The Supreme Court should referee Big Tech
WASHINGTON — Although reticent during oral arguments before the Supreme Court, Justice Clarence Thomas can be bold in written opinions bristling with strong convictions, of which he has many and about which he is forthright.
Now in his 30th year on the highest bench, the most senior justice last week warned his eight colleagues that they have a coming rendezvous with a boiling controversy that implicates constitutional guarantees. It concerns the power, and the proper characterization, of social media and tech companies.
Before the 2020 election, President Donald Trump blocked some critics from his Twitter feed. They sued.
The US Court of Appeals for the Second Circuit held that, because he used Twitter to communicate with the public, and because the comment threads are a public forum, blocking individuals violated the First Amendment free speech guarantee.
Two days after his Jan. 6 incitement of a mob of his supporters who attacked the US Capitol, Twitter suspended his account. Last Monday, the Supreme Court declared the case moot and vacated the Second Circuit’s judgment. Thomas, while concurring, wrote, “We will soon have no choice but to address how our legal doctrines apply to highly concentrated, privately owned information infrastructure such as digital platforms.”
Thomas notes the “stark” disparity between the control exercised by Trump, who blocked a few critics, and that exercised by Twitter, which under its terms of service (it can remove anyone from its platform “at any time for any or no reason”) barred Trump from his then about 89 million followers. But what of the Second Circuit’s “intuition” (Thomas’s word) that part of Trump’s Twitter account was a “public forum”?
Public forums have generally been understood by courts to be “government-controlled spaces.” But Thomas notes that “unbridled control” of Trump’s account was “in the hands of a private party.”

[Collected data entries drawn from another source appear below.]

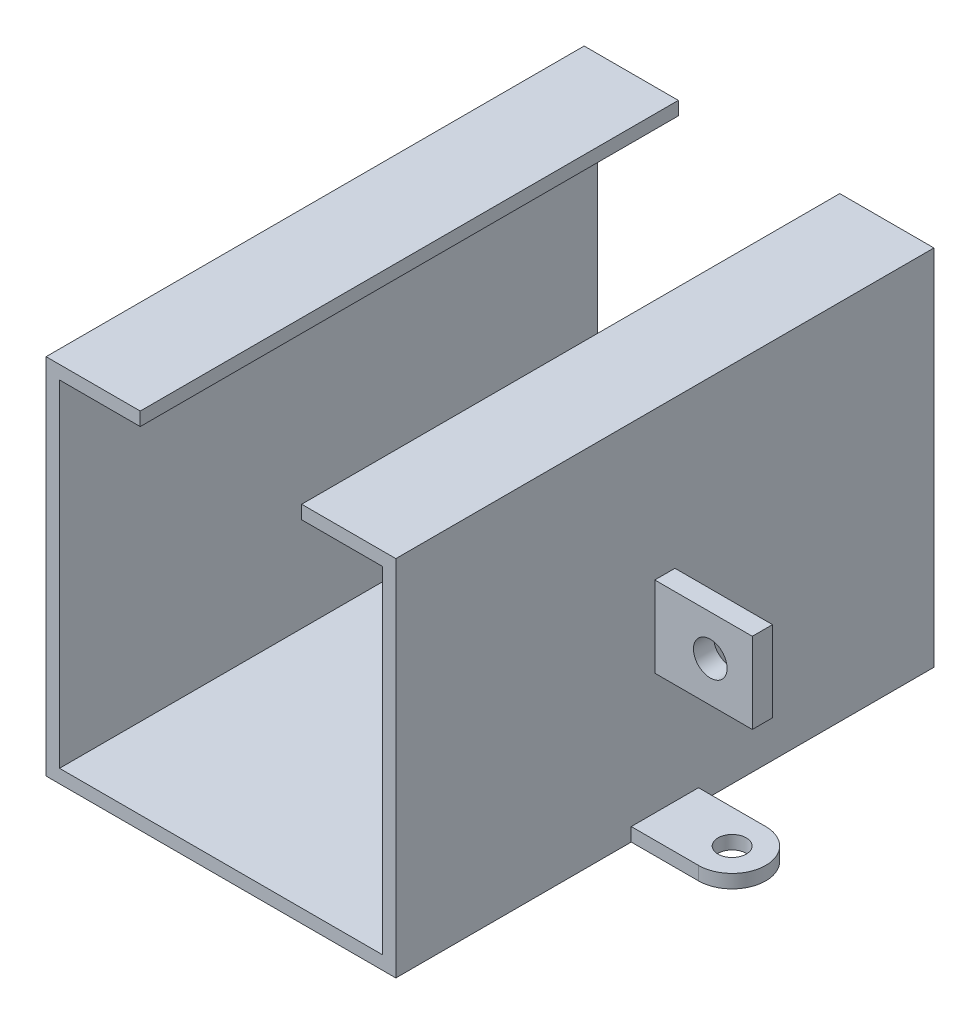
SolidWorks part; units mm, degrees
material "ABS PC"
ref_plane "Front Plane" through (0, 0, 0) normal (0, 0, 1) x (1, 0, 0)
ref_plane "Top Plane" through (0, 0, 0) normal (0, 1, 0) x (1, 0, 0)
ref_plane "Right Plane" through (0, 0, 0) normal (1, 0, 0) x (0, 0, -1)
sketch "Sketch1" plane through (0, 0, 0) normal (0, 0, 1) x (1, 0, 0)
  line L0 (0, 0) -> (0, 50)
  line L1 (0, 0) -> (48, 0)
  line L2 (48, 0) -> (48, 50)
  line L3 (0, 50) -> (12, 50)
  line L4 (48, 50) -> (36, 50)
  line L6 (-2, 25) -> (-2, -2)
  line L7 (-2, 25) -> (-2, 52)
  line L8 (-2, 52) -> (12, 52)
  line L9 (12, 52) -> (12, 50)
  line L10 (-2, -2) -> (50, -2)
  line L11 (50, -2) -> (50, 52)
  line L12 (50, 52) -> (36, 52)
  line L13 (36, 52) -> (36, 50)
  dimension "D3" = 12
  dimension "D1" = 50
  dimension "D2" = 48
  dimension "D4" = 12
  dimension "D5" = 2
  dimension "D6" = 27
  dimension "D7" = 27
  dimension "D8" = 52
  dimension "D9" = 54
  dimension "D10" = 50
extrude "Boss-Extrude1" add sketch "Sketch1" along normal blind 80
sketch "Sketch2" plane through (0, -2, 0) normal (0, -1, 0) x (1, 0, 0)
  line L1 (50, 80) -> (50, 0) construction
  line L3 (50, 45) -> (60, 45)
  line L4 (50, 35) -> (60, 35)
  line L5 (50, 45) -> (50, 35)
  line L6 (50, 45) -> (-2, 45)
  line L7 (-2, 80) -> (-2, 0) construction
  line L8 (-2, 45) -> (-2, 35)
  line L9 (-2, 35) -> (-12, 35)
  line L10 (-2, 45) -> (-12, 45)
  arc A0 (60, 45) -> (60, 35) centre (60, 40) cw
  circle A1 centre (60, 40) radius 2.1
  arc A2 (-12, 35) -> (-12, 45) centre (-12, 40) cw
  circle A3 centre (-12, 40) radius 2.1
  line M9 (50, 0) -> (50, 80)
  line M11 (-2, 80) -> (-2, 0)
  dimension "D4" = 4.2
  dimension "D6" = 4.2
  dimension "D3" = 10
  dimension "D5" = 10
extrude "Boss-Extrude2" add sketch "Sketch2" against normal blind 2 contours A0 L3 L4 A1 M9 | A2 L9 L10 A3 M11
sketch "Sketch3" plane through (-2, 0, 0) normal (-1, 0, 0) x (0, 0, 1)
  line L0 (80, 25) -> (41.5, 25)
  line L2 (80, 52) -> (80, -2) construction
  line L3 (41.5, 25) -> (38.5, 25)
  line L4 (38.5, 25) -> (38.5, 30)
  line L5 (38.5, 25) -> (38.5, 18)
  line L6 (38.5, 30) -> (41.5, 30)
  line L7 (41.5, 30) -> (41.5, 18)
  line L8 (41.5, 18) -> (38.5, 18)
  dimension "D1" = 38.5
  dimension "D2" = 3
  dimension "D3" = 5
  dimension "D4" = 7
extrude "Boss-Extrude3" add sketch "Sketch3" along normal blind 14.5 contours L7 L6 L4 L3 | L8 L7 L3 L5
sketch "Sketch5" plane through (50, 0, 0) normal (1, 0, 0) x (0, 0, -1)
  line L0 (-80, 25) -> (-41.5, 25)
  line L1 (-80, -2) -> (-80, 52) construction
  line L2 (-41.5, 25) -> (-38.5, 25)
  line L3 (-38.5, 25) -> (-38.5, 30)
  line L4 (-38.5, 25) -> (-38.5, 18)
  line L5 (-38.5, 30) -> (-41.5, 30)
  line L6 (-41.5, 30) -> (-41.5, 18)
  line L7 (-41.5, 18) -> (-38.5, 18)
  dimension "D1" = 38.5
  dimension "D2" = 3
  dimension "D3" = 5
  dimension "D4" = 7
extrude "Boss-Extrude4" add sketch "Sketch5" along normal blind 14.5 contours L5 L6 L2 L3 | L6 L7 L4 L2
sketch "Sketch8" plane through (0, 0, 38.5) normal (0, 0, -1) x (-1, 0, 0)
  circle A0 centre (-58.25, 24) radius 2.5
  circle A1 centre (10.25, 24) radius 2.5
extrude "Cut-Extrude1" cut sketch "Sketch8" against normal blind 10

There are, however, doctrines that limit the right of private companies to exclude. “Common carriers” that hold themselves open to the public — in transportation (e.g., railroads) and communications (e.g., telegraph companies) have been generally required to serve all comers.
Also, government can limit the right to exclude companies that are “public accommodations,” although courts disagree about whether this term applies to other than “physical” locations. It is, Thomas believes, “a fair argument” that some digital platforms are sufficiently like common carriers or places of public accommodation to have restricted rights to exclude.
Thomas thinks the common carrier analogy is especially apt with digital platforms that dominate markets — e.g., Facebook with roughly 3 billion users, Google with about 90% market share. He is perhaps too certain that the network effects constitute barriers to entry that “entrench” such companies against competitors. As with a “communications utility,” Thomas writes, such concentration “gives some digital platforms enormous control over speech.”
He adds: “Amazon can impose cataclysmic consequences on authors by, among other things, blocking a listing.” (Thomas’s judicious reticence precludes his mentioning Amazon’s unexplained and presumptively political and disreputable recent decision to end its streaming of the documentary “Created Equal: Clarence Thomas in His Own Words.”) [Jeff Bezos, owner of The Washington Post, is founder and chief executive of Amazon.]
Thomas’s concurrence did not mention, but the court might soon have occasion to remember, a 1946 case from Chickasaw, Ala., a company town owned and operated by the Gulf Shipbuilding Corp.
In 1943, Grace Marsh was arrested (by a sheriff’s deputy paid by the company) for handing out Jehovah’s Witnesses literature, in violation of company policy. Marsh was being silenced, not by state action — by government — but by a private company not obligated to respect individual rights.
But in a startling Supreme Court ruling for Marsh, Justice Hugo Black, an Alabamian, writing for the majority, said that “the more an owner, for his advantage, opens up his property for use by the public in general,” the more the owner must respect the constitutional rights of members of the public. This decision, likening Gulf Shipbuilding to a government (of Chickasaw), had no serious consequences limiting corporations’ prerogatives. Seventy-five years later, however, it might reverberate.
People with a wholesome devotion to liberty have a healthy wariness about government compelling private companies to behave as appendages of government.
Such people should be hesitant about identifying private entities whose services are so impactful that the entities are of such “public interest” or “public concern” (the Supreme Court has used both terms) that government can treat them as quasi-public entities.
Nevertheless, Thomas is surely correct that the court must eventually make distinctions and referee disputes about the new communications infrastructure.
What consequential economic development, from the development of corporations to the advent of organized labor, has not come under the court’s scrutiny?